【2023】香港にある海外口座の資産を相続するには?正しい手順から必要書類まで徹底解説!

「亡くなった親の遺産が香港口座に入ったまま」
「香港口座の資産を相続する方法が分からない」

このようなお悩みをよくご相談いただきます。
今回は、香港口座にある資産を相続するために必要な手順や書類について解説しています。

まず、「香港口座に親の遺産が入っている」という問題の背景として一時期流行った「香港金融視察ツアー」というものがあります。

その概要と問題点を見てみましょう。

香港金融視察ツアーとは

香港金融視察ツアーは、世界有数の金融都市である香港を訪れ、金融商品を検討する機会です。

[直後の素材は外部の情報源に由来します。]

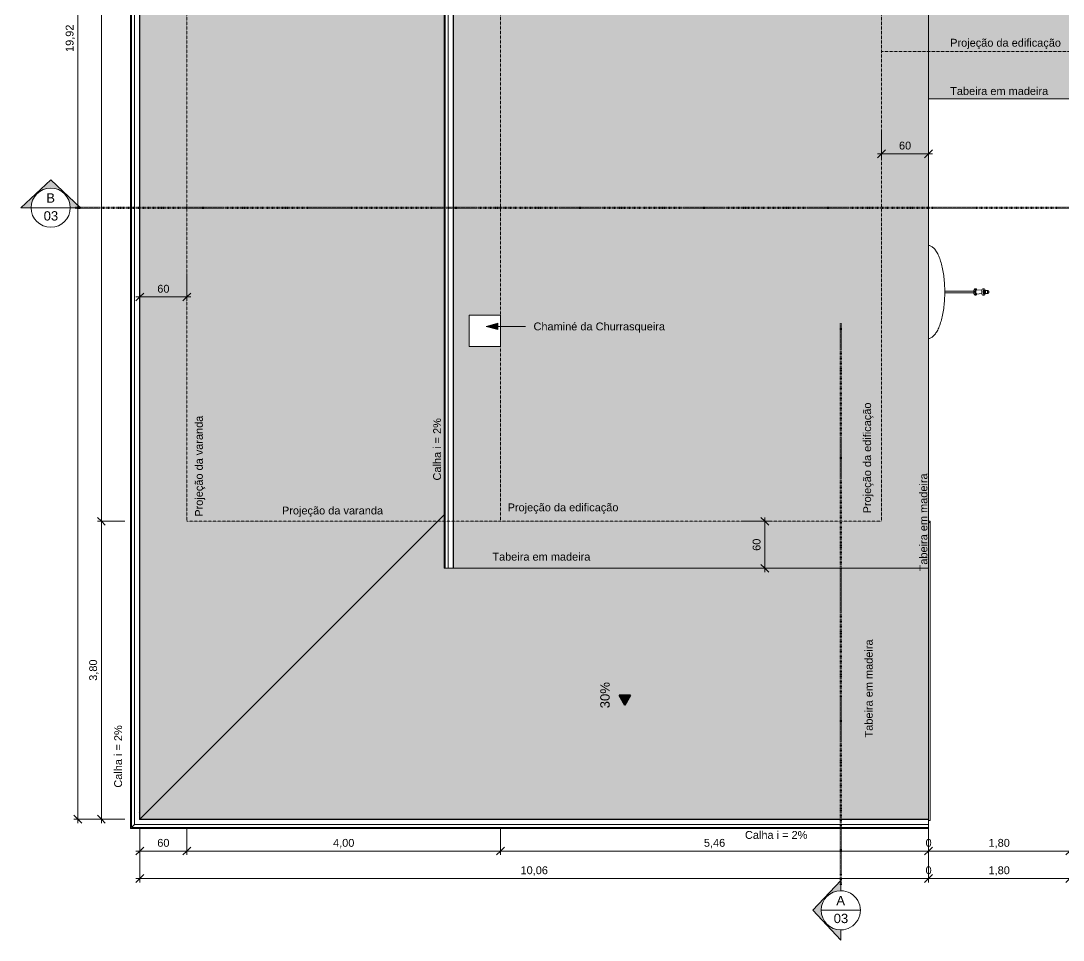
# Model space of a CAD drawing. Header units: millimetres. Extents: x -9018 to 25736, y -24663 to -1750.
# Drawn here: x 3329 to 16623, y -24663 to -12937 of the extents above; entities that cross this region are included whole.
import ezdxf

# ---------------------------------------------------------------- set-up
doc = ezdxf.new("R2010")
doc.units = ezdxf.units.MM
doc.linetypes.add('Dash dot', pattern=[15.875, 6.35, -4.7625, 0, -4.7625])
doc.linetypes.add('Overhead', pattern=[3.96875, 2.38125, -1.5875])
for name, color, linetype, lineweight in [('A-ANNO-DIMS', 211, 'Continuous', 9), ('A-ANNO-DIMS-50', 211, 'Continuous', 9), ('A-FLOR-OVHD', 1, 'Overhead', 9), ('A-GENM', 13, 'Continuous', 9), ('A-GLAZ-CWMG', 51, 'Continuous', 9), ('A-ROOF', 132, 'Continuous', 9), ('A-ROOF-OTLN', 132, 'Continuous', 9), ('A-ROOF-PATT', 132, 'Continuous', 9), ('G-ANNO-DIMS', 111, 'Continuous', 9), ('G-ANNO-SYMB', 111, 'Continuous', 9), ('G-ANNO-TEXT', 231, 'Continuous', 9)]:
    doc.layers.add(name, color=color, linetype=linetype, lineweight=lineweight)
doc.styles.add('@Arial Unicode MS', font='ARIALUNI.TTF', dxfattribs={"height": 100})
doc.styles.add('Arial_1', font='arial.ttf', dxfattribs={"height": 100})
doc.styles.add('Arial_4', font='arial.ttf', dxfattribs={"height": 119.0625})
doc.styles.add('Arial_6', font='arial.ttf', dxfattribs={"height": 120})
doc.dimstyles.new('CRT_-__Metros_-_Linha_de_chamada_3_5_mm', dxfattribs={"dimscale": 304.8, "dimtxt": 100.584485, "dimasz": 0.328084, "dimexe": 0.164042, "dimexo": 0.0625, "dimgap": 0.082021, "dimtad": 1, "dimdec": 0, "dimlfac": 0.1, "dimdsep": 46, "dimtxsty": '@Arial Unicode MS', "dimblk1": 'OBLIQUE', "dimblk2": 'OBLIQUE', "dimsah": 1, "dimcen": 0.09, "dimdle": 0.164042, "dimazin": 0, "dimtfac": 1, "dimtdec": 4, "dimtix": 1, "dimtmove": 0, "dimatfit": 3, "dimfxl": 0.984252, "dimfxlon": 1, "dimtvp": 1, "dimtolj": 1, "dimtzin": 0, "dimarcsym": 2})
doc.dimstyles.new('CRT_-__Metros_-_Linha_de_chamada_3_5_mm_1', dxfattribs={"dimscale": 304.8, "dimtxt": 100.584485, "dimasz": 0.328084, "dimexe": 0.164042, "dimexo": 0.0625, "dimgap": 0.082021, "dimtad": 1, "dimlfac": 0.001, "dimrnd": 0.01, "dimzin": 0, "dimdsep": 46, "dimtxsty": '@Arial Unicode MS', "dimblk1": 'OBLIQUE', "dimblk2": 'OBLIQUE', "dimsah": 1, "dimcen": 0.09, "dimdle": 0.164042, "dimazin": 0, "dimtfac": 1, "dimtdec": 4, "dimtix": 1, "dimtmove": 0, "dimatfit": 3, "dimfxl": 0.984252, "dimfxlon": 1, "dimtvp": 1, "dimtolj": 1, "dimtzin": 0, "dimarcsym": 2})

# ---------------------------------------------------------------- blocks, each defined once
blk = doc.blocks.new('Rectangular Mullion - Caibro-3576768-COBERTURA')
at = {"layer": 'A-GLAZ-CWMG'}
for p, q in [((-11848, -7848), (-11851, -7848)), ((-11851, -7898), (-11848, -7898))]:
    blk.add_line(p, q, dxfattribs=at)
blk = doc.blocks.new('Rectangular Mullion - Caibro-3920122-COBERTURA')
at = {"layer": 'A-GLAZ-CWMG'}
for p, q in [((-11851, -23039), (-11848, -23036)), ((-11848, -23106), (-11851, -23109))]:
    blk.add_line(p, q, dxfattribs=at)
blk = doc.blocks.new('Rectangular Mullion - Caibro-3920130-COBERTURA')
at = {"layer": 'A-GLAZ-CWMG'}
for p, q in [((-11848, -19008), (-11851, -19008)), ((-11851, -19058), (-11848, -19058))]:
    blk.add_line(p, q, dxfattribs=at)
blk = doc.blocks.new('Rectangular Mullion - Caibro-3920089-COBERTURA')
at = {"layer": 'A-GLAZ-CWMG'}
for p, q in [((-11848, -19596), (-11851, -19596)), ((-11851, -19646), (-11848, -19646))]:
    blk.add_line(p, q, dxfattribs=at)
blk = doc.blocks.new('Rectangular Mullion - Caibro-3920090-COBERTURA')
at = {"layer": 'A-GLAZ-CWMG'}
for p, q in [((-11848, -20183), (-11851, -20183)), ((-11851, -20233), (-11848, -20233))]:
    blk.add_line(p, q, dxfattribs=at)
blk = doc.blocks.new('Rectangular Mullion - Caibro-3920091-COBERTURA')
at = {"layer": 'A-GLAZ-CWMG'}
for p, q in [((-11848, -20770), (-11851, -20770)), ((-11851, -20820), (-11848, -20820))]:
    blk.add_line(p, q, dxfattribs=at)
blk = doc.blocks.new('Rectangular Mullion - Caibro-3920092-COBERTURA')
at = {"layer": 'A-GLAZ-CWMG'}
for p, q in [((-11848, -21358), (-11851, -21358)), ((-11851, -21408), (-11848, -21408))]:
    blk.add_line(p, q, dxfattribs=at)
blk = doc.blocks.new('Rectangular Mullion - Caibro-3920093-COBERTURA')
at = {"layer": 'A-GLAZ-CWMG'}
for p, q in [((-11848, -21945), (-11851, -21945)), ((-11851, -21995), (-11848, -21995))]:
    blk.add_line(p, q, dxfattribs=at)
blk = doc.blocks.new('Rectangular Mullion - Caibro-3920094-COBERTURA')
at = {"layer": 'A-GLAZ-CWMG'}
for p, q in [((-11848, -22532), (-11851, -22532)), ((-11851, -22582), (-11848, -22582))]:
    blk.add_line(p, q, dxfattribs=at)
blk = doc.blocks.new('Rectangular Mullion - Caibro-4315999-COBERTURA')
at = {"layer": 'A-GLAZ-CWMG'}
for p, q in [((-11834, -23126), (-11831, -23123)), ((-11761, -23123), (-11764, -23126))]:
    blk.add_line(p, q, dxfattribs=at)
blk = doc.blocks.new('Rectangular Mullion - Caibro-3920123-COBERTURA')
at = {"layer": 'A-GLAZ-CWMG'}
for p, q in [((-1766, -19320), (-1785, -19320)), ((-1785, -19337), (-1766, -19337)), ((-1766, -19337), (-1766, -19320)), ((-1766, -23137), (-1766, -19337)), ((-1816, -23123), (-1816, -23126)), ((-1766, -23137), (-1785, -23137))]:
    blk.add_line(p, q, dxfattribs=at)
blk = doc.blocks.new('Rectangular Mullion - Caibro-4315991-COBERTURA')
at = {"layer": 'A-GLAZ-CWMG'}
for p, q in [((-11302, -23123), (-11302, -23126)), ((-11252, -23126), (-11252, -23123))]:
    blk.add_line(p, q, dxfattribs=at)
blk = doc.blocks.new('Rectangular Mullion - Caibro-4315992-COBERTURA')
at = {"layer": 'A-GLAZ-CWMG'}
for p, q in [((-10709, -23123), (-10709, -23126)), ((-10659, -23126), (-10659, -23123))]:
    blk.add_line(p, q, dxfattribs=at)
blk = doc.blocks.new('Rectangular Mullion - Caibro-4315993-COBERTURA')
at = {"layer": 'A-GLAZ-CWMG'}
for p, q in [((-10116, -23123), (-10116, -23126)), ((-10066, -23126), (-10066, -23123))]:
    blk.add_line(p, q, dxfattribs=at)
blk = doc.blocks.new('Rectangular Mullion - Caibro-4315994-COBERTURA')
at = {"layer": 'A-GLAZ-CWMG'}
for p, q in [((-9523, -23123), (-9523, -23126)), ((-9473, -23126), (-9473, -23123))]:
    blk.add_line(p, q, dxfattribs=at)
blk = doc.blocks.new('Rectangular Mullion - Caibro-4315995-COBERTURA')
at = {"layer": 'A-GLAZ-CWMG'}
for p, q in [((-8930, -23123), (-8930, -23126)), ((-8880, -23126), (-8880, -23123))]:
    blk.add_line(p, q, dxfattribs=at)
blk = doc.blocks.new('Rectangular Mullion - Caibro-4315996-COBERTURA')
at = {"layer": 'A-GLAZ-CWMG'}
for p, q in [((-8337, -23123), (-8337, -23126)), ((-8287, -23126), (-8287, -23123))]:
    blk.add_line(p, q, dxfattribs=at)
blk = doc.blocks.new('Rectangular Mullion - Caibro-4315997-COBERTURA')
at = {"layer": 'A-GLAZ-CWMG'}
for p, q in [((-7744, -23123), (-7744, -23126)), ((-7694, -23126), (-7694, -23123))]:
    blk.add_line(p, q, dxfattribs=at)
blk = doc.blocks.new('Rectangular Mullion - Caibro-3920096-COBERTURA')
at = {"layer": 'A-GLAZ-CWMG'}
for p, q in [((-7152, -23123), (-7152, -23126)), ((-7102, -23126), (-7102, -23123))]:
    blk.add_line(p, q, dxfattribs=at)
blk = doc.blocks.new('CRT_MGN_COZ_Fogão a lenha completo - CRT_MGN_COZ_Fogão a lenha completo-4049417-COBERTURA')
at = {"layer": 'A-GENM', "color": 55}
for p, q in [((800, 50), (800, -350)), ((1200, 50), (800, 50)), ((1200, -350), (1200, 50)), ((800, -350), (1200, -350))]:
    blk.add_line(p, q, dxfattribs=at)
blk = doc.blocks.new('Antena - Tipo 1-4305144-COBERTURA')
at = {"layer": 'A-GENM', "color": 55}
for p, q in [((85, 1401), (85, 1382)), ((104, 1371), (99, 1302)), ((105, 1449), (105, 1412)), ((105, 1411), (105, 1394)), ((115, 1458), (115, 1442)), ((115, 1442), (115, 1437)), ((135, 1442), (135, 1458)), ((135, 1437), (135, 1442)), ((145, 1412), (145, 1449)), ((145, 1394), (145, 1411)), ((151, 1302), (146, 1371)), ((165, 1382), (165, 1401)), ((85, 1297), (85, 1284)), ((115, 1268), (115, 898)), ((135, 898), (135, 1268)), ((165, 1284), (165, 1297)), ((115, 898), (115, 896)), ((135, 898), (135, 896)), ((-469, 691), (-469, 690)), ((719, 690), (719, 691))]:
    blk.add_line(p, q, dxfattribs=at)
at = {"layer": 'A-GENM', "color": 55, "flags": 128}
for points in [[(85, 1283), (85, 1282), (86, 1281), (86, 1280), (87, 1279), (87, 1278), (88, 1277), (89, 1276), (89, 1276), (90, 1275), (91, 1274), (92, 1274), (93, 1273), (94, 1273), (95, 1272), (96, 1272), (97, 1271), (98, 1271), (99, 1271), (100, 1270), (101, 1270), (102, 1270), (103, 1269), (104, 1269), (106, 1269), (107, 1269), (108, 1268), (110, 1268), (111, 1268), (112, 1268), (114, 1268), (115, 1267), (116, 1267), (118, 1267), (119, 1267), (121, 1267), (122, 1267), (123, 1267), (125, 1267), (125, 1267)], [(165, 1283), (165, 1282), (164, 1281), (164, 1280), (163, 1279), (163, 1278), (162, 1277), (161, 1276), (161, 1276), (160, 1275), (159, 1274), (158, 1274), (157, 1273), (156, 1273), (155, 1272), (154, 1272), (153, 1271), (152, 1271), (151, 1271), (150, 1270), (149, 1270), (148, 1270), (147, 1269), (146, 1269), (144, 1269), (143, 1269), (142, 1268), (140, 1268), (139, 1268), (138, 1268), (136, 1268), (135, 1267), (134, 1267), (132, 1267), (131, 1267), (129, 1267), (128, 1267), (127, 1267), (125, 1267), (125, 1267)], [(-467, 700), (-464, 709), (-461, 718), (-456, 727), (-450, 736), (-444, 744), (-436, 753), (-428, 761), (-419, 769), (-409, 777), (-398, 784), (-386, 792), (-374, 799), (-361, 806), (-347, 813), (-332, 820), (-317, 826), (-300, 832), (-284, 838), (-266, 844), (-248, 849), (-230, 855), (-210, 860), (-191, 864), (-171, 868), (-150, 873), (-129, 876), (-107, 880), (-86, 883), (-63, 886), (-41, 888), (-18, 890), (5, 892), (28, 894), (51, 895), (75, 896), (98, 896), (122, 897), (125, 897)], [(717, 700), (714, 709), (711, 718), (706, 727), (700, 736), (694, 744), (686, 753), (678, 761), (669, 769), (659, 777), (648, 784), (636, 792), (624, 799), (611, 806), (597, 813), (582, 820), (567, 826), (550, 832), (534, 838), (516, 844), (498, 849), (480, 855), (460, 860), (441, 864), (421, 868), (400, 873), (379, 876), (357, 880), (336, 883), (313, 886), (291, 888), (268, 890), (245, 892), (222, 894), (199, 895), (175, 896), (152, 896), (128, 897), (125, 897)]]:
    blk.add_lwpolyline(points, dxfattribs=at)
at = {"layer": 'A-GENM', "color": 55}
for centre, major_axis, ratio, start_param, end_param in [((125, 1401), (40, 0), 0.325568, 2.094395, 7.330383), ((125, 1382), (-40, 0), 0.325568, 0, 3.141593), ((125, 1411), (-20, 0), 0.325568, 4.712389, 7.853982), ((125, 1440), (34, 0), 0.325568, 1.871206, 2.199717), ((125, 1401), (-20, 0), 0.325568, 0, 3.141593), ((125, 1446), (24, 0), 0.515038, 1.14098, 2.000613), ((125, 1453), (24, 0), 0.515038, 4.282573, 5.142205), ((125, 1411), (-20, 0), 0.325568, 1.570796, 4.712389), ((125, 1440), (34, 0), 0.325568, 0.941875, 1.270386), ((125, 1297), (-40, 0), 0.325568, 5.381554, 7.853982), ((125, 1284), (-40, 0), 0.325568, 0, 1.570796), ((125, 1302), (-25.5, 0), 0.325568, 5.969026, 7.853982), ((125, 1297), (40, 0), 0.325568, 4.712389, 7.184817), ((125, 1302), (25.5, 0), 0.325568, 4.712389, 6.597345), ((125, 1284), (-40, 0), 0.325568, 1.570796, 3.141593), ((125, 682), (594, 0), 0.354224, 2.998793, 3.104202), ((125, 682), (594, 0), 0.354224, 0.037391, 0.1428)]:
    blk.add_ellipse(centre, major_axis=major_axis, ratio=ratio, start_param=start_param, end_param=end_param, dxfattribs=at)
blk = doc.blocks.new('Corte - Extremidade superior do corte - Preenchido-799760-COBERTURA')
at = {"layer": 'G-ANNO-SYMB'}
h = blk.add_hatch(color=256, dxfattribs=at)
edge = h.paths.add_edge_path()
edge.add_line((-6.35, 7.11), (1.27, 0))
edge.add_line((1.27, 0), (-1.35, 0))
edge.add_arc((-6.35, 0), 5, 0, 180)
edge.add_line((-11.35, 0), (-13.97, 0))
edge.add_line((-13.97, 0), (-6.35, 7.11))
for p, q in [((-6.35, 7.11), (-13.97, 0)), ((-6.35, 7.11), (-13.97, 0)), ((-6.35, 7.11), (1.27, 0)), ((1.27, 0), (-6.35, 7.11)), ((-1.35, 0), (1.27, 0)), ((-11.35, 0), (-13.97, 0)), ((-13.97, 0), (-11.35, 0)), ((-1.35, 0), (1.27, 0))]:
    blk.add_line(p, q, dxfattribs=at)
for start, end in [(0, 180), (0, 180), (180, 360)]:
    blk.add_arc((-6.35, 0), 5, start, end, dxfattribs=at)
blk = doc.blocks.new('DIMBLOCK24-COBERTURA')
at = {"layer": 'A-ANNO-DIMS-50', "lineweight": 18}
for p, q in [((4356, -19320), (4306, -19270)), ((4356, -19320), (4406, -19370)), ((4356, -23120), (4306, -23070)), ((4356, -23120), (4406, -23170))]:
    blk.add_line(p, q, dxfattribs=at)
at = {"layer": 'A-ANNO-DIMS-50'}
for p, q in [((4656, -19320), (4306, -19320)), ((4356, -23170), (4356, -19320)), ((4356, -19320), (4656, -19320)), ((4656, -23120), (4306, -23120)), ((4356, -23120), (4656, -23120))]:
    blk.add_line(p, q, dxfattribs=at)
at = {"layer": 'A-ANNO-DIMS-50', "color": 0, "insert": (4201, -21355), "char_height": 100, "width": 324.67, "attachment_point": 1, "rotation": 90, "line_spacing_factor": 1.117605, "style": '@Arial Unicode MS'}
blk.add_mtext('3,80', dxfattribs=at)
blk = doc.blocks.new('_Oblique')
at = {"color": 0, "linetype": 'ByBlock', "lineweight": -2}
blk.add_line((-0.5, -0.5), (0.5, 0.5), dxfattribs=at)
blk = doc.blocks.new('DIMBLOCK25-COBERTURA')
at = {"layer": 'A-ANNO-DIMS-50', "lineweight": 18}
for p, q in [((4356, -3800), (4306, -3750)), ((4356, -3800), (4406, -3850)), ((4356, -19320), (4306, -19270)), ((4356, -19320), (4406, -19370))]:
    blk.add_line(p, q, dxfattribs=at)
at = {"layer": 'A-ANNO-DIMS-50'}
for p, q in [((4656, -3800), (4306, -3800)), ((4356, -19320), (4356, -3800)), ((4356, -3800), (4656, -3800)), ((4656, -19320), (4306, -19320)), ((4356, -19320), (4656, -19320))]:
    blk.add_line(p, q, dxfattribs=at)
at = {"layer": 'A-ANNO-DIMS-50', "color": 0, "insert": (4201, -11734), "char_height": 100, "width": 417.61, "attachment_point": 1, "rotation": 90, "line_spacing_factor": 1.117605, "style": '@Arial Unicode MS'}
blk.add_mtext('15,52', dxfattribs=at)
blk = doc.blocks.new('DIMBLOCK27-COBERTURA')
at = {"layer": 'A-ANNO-DIMS-50', "lineweight": 18}
for p, q in [((4056, -3200), (4006, -3150)), ((4056, -3200), (4106, -3250)), ((4056, -23120), (4006, -23070)), ((4056, -23120), (4106, -23170))]:
    blk.add_line(p, q, dxfattribs=at)
at = {"layer": 'A-ANNO-DIMS-50'}
for p, q in [((4056, -23170), (4056, -3150)), ((4356, -3200), (4006, -3200)), ((4056, -3200), (4356, -3200)), ((4356, -23120), (4006, -23120)), ((4056, -23120), (4356, -23120))]:
    blk.add_line(p, q, dxfattribs=at)
at = {"layer": 'A-ANNO-DIMS-50', "color": 0, "insert": (3901, -13334), "char_height": 100, "width": 417.61, "attachment_point": 1, "rotation": 90, "line_spacing_factor": 1.117605, "style": '@Arial Unicode MS'}
blk.add_mtext('19,92', dxfattribs=at)
blk = doc.blocks.new('DIMBLOCK56-COBERTURA')
at = {"layer": 'A-ANNO-DIMS-50'}
for p, q in [((4846, -23227), (4846, -23577)), ((4846, -23527), (4846, -23227)), ((5446, -23227), (5446, -23577)), ((5446, -23527), (5446, -23227)), ((4796, -23527), (5446, -23527))]:
    blk.add_line(p, q, dxfattribs=at)
at = {"layer": 'A-ANNO-DIMS-50', "lineweight": 18}
for p, q in [((4846, -23527), (4796, -23577)), ((4846, -23527), (4896, -23477)), ((5446, -23527), (5396, -23577)), ((5446, -23527), (5496, -23477))]:
    blk.add_line(p, q, dxfattribs=at)
at = {"layer": 'A-ANNO-DIMS-50', "color": 0, "insert": (5069, -23372), "char_height": 100, "width": 185.87, "attachment_point": 1, "line_spacing_factor": 1.117605, "style": '@Arial Unicode MS'}
blk.add_mtext('60', dxfattribs=at)
blk = doc.blocks.new('DIMBLOCK57-COBERTURA')
at = {"layer": 'A-ANNO-DIMS-50'}
for p, q in [((5446, -23227), (5446, -23577)), ((5446, -23527), (5446, -23227)), ((9446, -23227), (9446, -23577)), ((9446, -23527), (9446, -23227)), ((5446, -23527), (9446, -23527))]:
    blk.add_line(p, q, dxfattribs=at)
at = {"layer": 'A-ANNO-DIMS-50', "lineweight": 18}
for p, q in [((5446, -23527), (5396, -23577)), ((5446, -23527), (5496, -23477)), ((9446, -23527), (9396, -23577)), ((9446, -23527), (9496, -23477))]:
    blk.add_line(p, q, dxfattribs=at)
at = {"layer": 'A-ANNO-DIMS-50', "color": 0, "insert": (7311, -23372), "char_height": 100, "width": 324.67, "attachment_point": 1, "line_spacing_factor": 1.117605, "style": '@Arial Unicode MS'}
blk.add_mtext('4,00', dxfattribs=at)
blk = doc.blocks.new('DIMBLOCK58-COBERTURA')
at = {"layer": 'A-ANNO-DIMS-50'}
for p, q in [((9446, -23227), (9446, -23577)), ((9446, -23527), (9446, -23227)), ((14906, -23227), (14906, -23577)), ((14906, -23527), (14906, -23227)), ((9446, -23527), (14906, -23527))]:
    blk.add_line(p, q, dxfattribs=at)
at = {"layer": 'A-ANNO-DIMS-50', "lineweight": 18}
for p, q in [((9446, -23527), (9396, -23577)), ((9446, -23527), (9496, -23477)), ((14906, -23527), (14856, -23577)), ((14906, -23527), (14956, -23477))]:
    blk.add_line(p, q, dxfattribs=at)
at = {"layer": 'A-ANNO-DIMS-50', "color": 0, "insert": (12041, -23372), "char_height": 100, "width": 324.67, "attachment_point": 1, "line_spacing_factor": 1.117605, "style": '@Arial Unicode MS'}
blk.add_mtext('5,46', dxfattribs=at)
blk = doc.blocks.new('DIMBLOCK59-COBERTURA')
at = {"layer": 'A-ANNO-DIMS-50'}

特に1996年に日本で金融に関する大規模な規制緩和が行われたことから、日本と距離の近い香港の金融商品に注目が集まり、金融視察ツアーが盛り上がりました。

香港金融視察ツアーの問題点

投資家たちから人気を得た金融視察ツアーですが、いくつかの問題も浮上し、今になっても悩む人が後を絶ちません。

主に以下のような悩みを持つ方が多いです。

  1. 金融視察ツアー代理店との連絡が取れない
  2. 購入した金融商品が元本割れしてしまった
  3. 口座開設後にサポートがなく口座を放置してしまった

当時香港で金融商品の購入や口座開設をした人々は、現在高齢化しており、上記のような悩みとともに相続手続きの問題に直面しています。

香港口座にある資産の相続方法は?

香港口座にある資産を相続するには、多くの手続きが必要になります。
というのも、香港口座にある遺産を動かす前には「プロベート手続き」と呼ばれる手続きが必要なのです。
プロベート手続きとは、香港裁判所による検認手続きのことであり、相続手続きとも呼ばれます。

プロベート手続きもふまえて、香港口座にある遺産を相続する方法を以下の手順に沿ってお伝えします。

ではそれぞれ解説します。

手順1:口座資産の残高確認

香港口座に資産を保有している方が亡くなった場合、相続手続きを行うためには、まず口座の残高を確認する必要があります。

相続税や相続にかかる費用が資産残高より高くなってしまう場合があるのです。
まずはどのくらいの資産が口座にあるのかを把握しておくとよいでしょう。

手順2:必要な書類の用意

口座残高を確認し、相続を受けると決めた場合には必要な書類を揃えていきましょう。
先述した「プロベート手続き」を行うためには現地の裁判所に申立書を送る必要があります。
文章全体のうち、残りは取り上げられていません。